Welcome to Microsoft Q&A platform and thanks for posting your question here.
According to the Azure documentation, querying Delta Lake format in serverless Synapse SQL pool is currently in public preview. This preview version is provided without a service level agreement, and it's not recommended for production workloads. Certain features might not be supported or might have constrained capabilities. Therefore, it is possible to encounter significant scanning overhead and multiple entries in SQL requests when using the delta format for queries within a serverless SQL pool.
To reduce the data scan, you can follow the best practices for serverless SQL pool provided by Azure. Here are some possible solutions:
- The data types you use in your query affect performance and concurrency. Use the smallest data size that can accommodate the largest possible value. If possible, use varchar and char instead of nvarchar and nchar.

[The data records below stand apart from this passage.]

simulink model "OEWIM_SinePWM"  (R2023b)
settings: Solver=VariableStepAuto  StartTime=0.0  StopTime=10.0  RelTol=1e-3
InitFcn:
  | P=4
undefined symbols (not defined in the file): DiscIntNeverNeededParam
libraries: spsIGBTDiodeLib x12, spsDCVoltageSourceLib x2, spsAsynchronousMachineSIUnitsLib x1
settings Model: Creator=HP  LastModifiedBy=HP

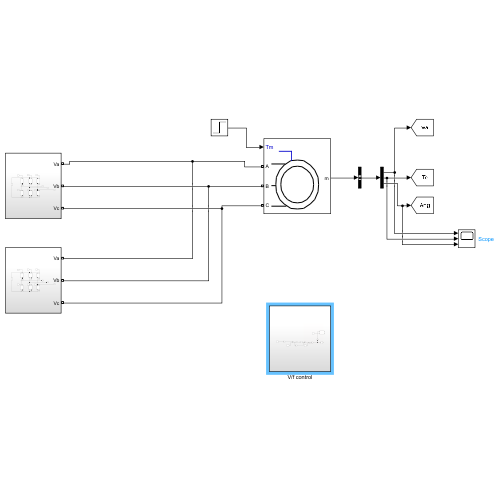
[thumbnail: Simulink's stored preview of the top-level diagram]
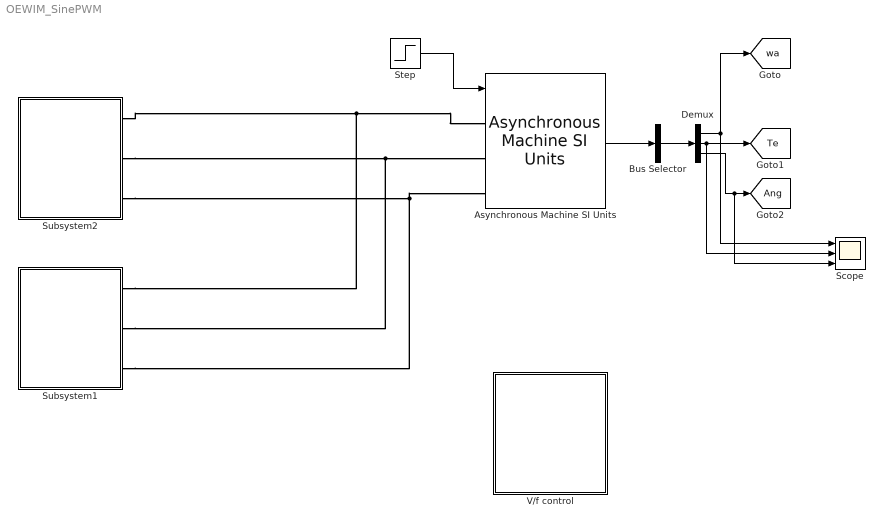
== system OEWIM_SinePWM ==
  Asynchronous Machine SI Units : spsAsynchronousMachineSIUnitsLib/Asynchronous Machine SI Units  RotorType=Squirrel-cage  PresetModel=No  MechanicalLoad=Torque Tm  ShowDetailedParameters=on  ReferenceFrame=Rotor  Units=SI  MeasurementBus=off  NominalParameters=[1.845e+04 400 50]  VoltageRatio=1  Stator=[0.5968 0.0003495]  Rotor=[0.6258 0.005473]  Cage1=[0.4155 0.002066]  Cage2=[0.4168 0.0003495]  Lm=0.0354  Mechanical=[0.05 0.005879 2]  PolePairs=2  InitialConditions=[0 0 0 0 0 0 0 0]  SimulateSaturation=off  Saturation=[14.03593122, 27.81365428, 53.79336849, 72.68890987, 97.98006896, 148.6815601, 215.7428561, 302.9841135, 428.7778367 ; 230, 322, 414, 460, 506, 552, 598, 644, 690]  LoadFlowParameters=1492000  TsPowergui=0  TsBlock=-1  IterativeModel=Trapezoidal non iterative  IterativeDiscreteModel=Trapezoidal non iterative  Pmec=1.492e+006
  Bus Selector : BusSelector  OutputSignals=Mechanical.Rotor speed (wm),Mechanical.Electromagnetic torque Te (N*m),Mechanical.Rotor angle thetam (rad)  OutputAsBus=on
  Demux : Demux  Outputs=3
  Scope : Scope  NumInputPorts=3
  Step : Step  SampleTime=0
  Subsystem1 : Subsystem
  Subsystem2 : Subsystem
  V/f control : Subsystem
  tag scope: Ang=global, Te=global, wa=global
  wires:
  Step/1 -> Asynchronous Machine SI Units/1
  Asynchronous Machine SI Units/1 -> Bus Selector/1
  Bus Selector/1 -> Demux/1
  Demux/1 -> [wa], Scope/1
  Demux/2 -> Scope/2, [Te]
  Demux/3 -> Scope/3, [Ang]
  connections:
  Subsystem2/RConn1 -- Subsystem1/RConn1 -- Asynchronous Machine SI Units/LConn1
  Subsystem2/RConn2 -- Subsystem1/RConn2 -- Asynchronous Machine SI Units/LConn2
  Subsystem2/RConn3 -- Asynchronous Machine SI Units/LConn3 -- Subsystem1/RConn3

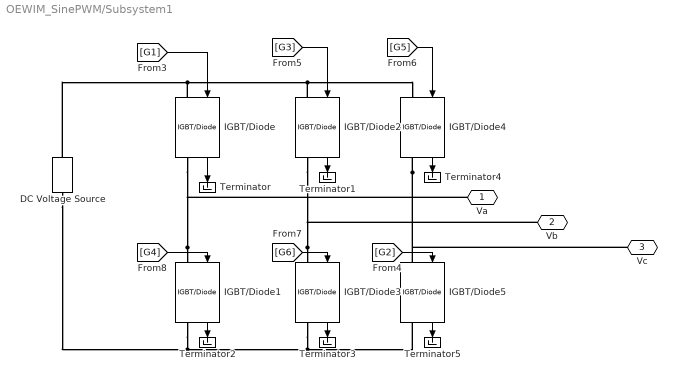
== system OEWIM_SinePWM/Subsystem1 ==
  DC Voltage Source : spsDCVoltageSourceLib/DC Voltage Source  Amplitude=162  Measurements=None
  IGBT/Diode{,1..5} (6 alike) : spsIGBTDiodeLib/IGBT//Diode  Ron=1e-3  Rs=1e5  Cs=inf  Measurements=on
  Terminator{,1..5} (6 alike) : Terminator
  Va : PMIOPort  Side=Right
  Vb : PMIOPort  Port=2  Side=Right
  Vc : PMIOPort  Port=3  Side=Right
  wires:
  [G6] -> IGBT/Diode3/1
  IGBT/Diode5/1 -> Terminator5/1
  IGBT/Diode2/1 -> Terminator1/1
  [G5] -> IGBT/Diode4/1
  [G3] -> IGBT/Diode2/1
  IGBT/Diode/1 -> Terminator/1
  [G4] -> IGBT/Diode1/1
  IGBT/Diode1/1 -> Terminator2/1
  [G1] -> IGBT/Diode/1
  [G2] -> IGBT/Diode5/1
  IGBT/Diode4/1 -> Terminator4/1
  IGBT/Diode3/1 -> Terminator3/1
  connections:
  IGBT/Diode3/LConn1 -- Vb/RConn1 -- IGBT/Diode2/RConn1
  IGBT/Diode1/LConn1 -- Va/RConn1 -- IGBT/Diode/RConn1
  IGBT/Diode4/RConn1 -- IGBT/Diode5/LConn1 -- Vc/RConn1
  DC Voltage Source/RConn1 -- IGBT/Diode/LConn1 -- IGBT/Diode2/LConn1 -- IGBT/Diode4/LConn1
  DC Voltage Source/LConn1 -- IGBT/Diode1/RConn1 -- IGBT/Diode5/RConn1 -- IGBT/Diode3/RConn1

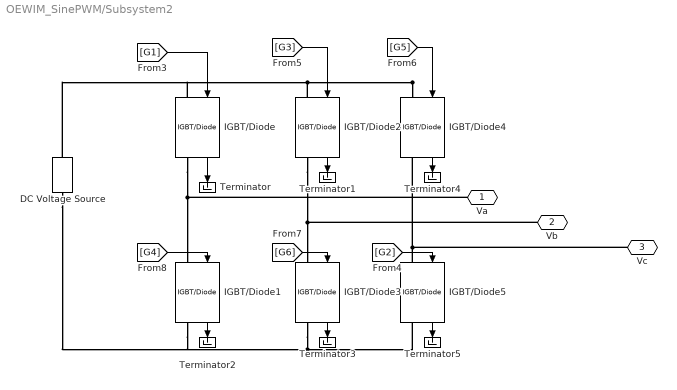
== system OEWIM_SinePWM/Subsystem2 ==
  DC Voltage Source : spsDCVoltageSourceLib/DC Voltage Source  Amplitude=162  Measurements=None
  IGBT/Diode{,1..5} (6 alike) : spsIGBTDiodeLib/IGBT//Diode  Ron=1e-3  Rs=1e5  Cs=inf  Measurements=on
  Terminator{,1..5} (6 alike) : Terminator
  Va : PMIOPort  Side=Right
  Vb : PMIOPort  Port=2  Side=Right
  Vc : PMIOPort  Port=3  Side=Right
  wires:
  IGBT/Diode3/1 -> Terminator3/1
  IGBT/Diode4/1 -> Terminator4/1
  [G2] -> IGBT/Diode5/1
  [G1] -> IGBT/Diode/1
  IGBT/Diode1/1 -> Terminator2/1
  [G4] -> IGBT/Diode1/1
  IGBT/Diode/1 -> Terminator/1
  [G3] -> IGBT/Diode2/1
  [G5] -> IGBT/Diode4/1
  IGBT/Diode2/1 -> Terminator1/1
  IGBT/Diode5/1 -> Terminator5/1
  [G6] -> IGBT/Diode3/1
  connections:
  IGBT/Diode3/RConn1 -- DC Voltage Source/LConn1 -- IGBT/Diode1/RConn1 -- IGBT/Diode5/RConn1
  IGBT/Diode4/LConn1 -- DC Voltage Source/RConn1 -- IGBT/Diode/LConn1 -- IGBT/Diode2/LConn1
  Vc/RConn1 -- IGBT/Diode5/LConn1 -- IGBT/Diode4/RConn1
  IGBT/Diode/RConn1 -- IGBT/Diode1/LConn1 -- Va/RConn1
  IGBT/Diode2/RConn1 -- Vb/RConn1 -- IGBT/Diode3/LConn1

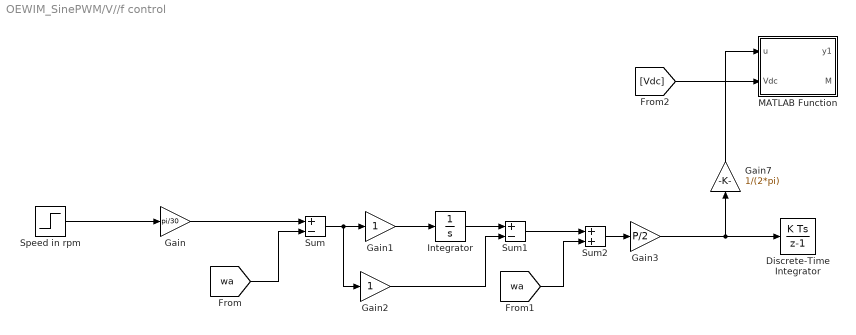
== system OEWIM_SinePWM/V//f control ==
  Discrete-Time Integrator : DiscreteIntegrator  gainval=1  SampleTime=-1  ICPrevOutput=DiscIntNeverNeededParam  ICPrevScaledInput=DiscIntNeverNeededParam
  Gain : Gain  Gain=pi/30
  Gain1 : Gain
  Gain2 : Gain
  Gain3 : Gain  Gain=P/2
  Gain7 : Gain  Gain=1/(2*pi)
  Integrator : Integrator
  MATLAB Function : MATLAB Function  TreatAsAtomicUnit=on
  Speed in rpm : Step  SampleTime=0
  Sum : Sum  Inputs=+-
  Sum1 : Sum  Inputs=+-
  Sum2 : Sum
  wires:
  Speed in rpm/1 -> Gain/1
  [wa] -> Sum/2
  Gain/1 -> Sum/1
  Sum/1 -> Gain2/1, Gain1/1
  Gain1/1 -> Integrator/1
  Integrator/1 -> Sum1/1
  Gain2/1 -> Sum1/2
  Sum1/1 -> Sum2/1
  [wa] -> Sum2/2
  Sum2/1 -> Gain3/1
  Gain3/1 -> Discrete-Time Integrator/1, Gain7/1
  Gain7/1 -> MATLAB Function/1(u)
  [Vdc] -> MATLAB Function/2(Vdc)

== matlab function OEWIM_SinePWM/V//f control/MATLAB Function ==
  data: u input; y1 output; Vdc input; M output
function [y1, M] = fcn(u,Vdc)


if u<5
    y1 = 23/sqrt(3);
    
elseif (u>=5) && (u<=50)
    y1 = ((230/(sqrt(3))*u)/50);
    
else
    y1=230/sqrt(3);
end

M =(sqrt(2)*y1*pi)/(2*Vdc);
end

- Use PARSER_VERSION 2.0 to query Delta Lake files: You can use a performance-optimized parser when you query Delta Lake files.
- Creating statistics for columns used in queries can improve query performance in Azure Synapse Analytics. The serverless SQL pool uses statistics to generate optimal query execution plans. While statistics are automatically created for some file types, they are not automatically created for Delta Lake files when using external tables. It's important to manually create statistics for Delta Lake files, especially for columns used in DISTINCT, JOIN, WHERE, ORDER BY, and GROUP BY clauses.
- Optimizing the partition strategy in your data lake can improve query performance in Azure Synapse Analytics. To do this, you need to identify the file types in the data lake and the query performance SLA. You should also consider whether your use case demands predictable performance and cost, and whether you have unplanned or bursty SQL analytical workloads. It's important to identify the data consuming pattern and platforms. By doing so, you can ensure that you have a good partition strategy that meets your specific needs and improves query performance.
- Using Spark pool assessment can help improve query performance in Azure Synapse Analytics. Spark pools enable data engineering and data preparation, and Apache Spark includes many optimization techniques that can improve query performance. By using Spark pool assessment, you can identify performance bottlenecks and optimize your Spark jobs to improve query performance.
https://docs.microsoft.com/en-us/azure/synapse-analytics/sql/develop-openrowset#parser_version
I hope this information helps you. Let me know if you have any further questions or concerns.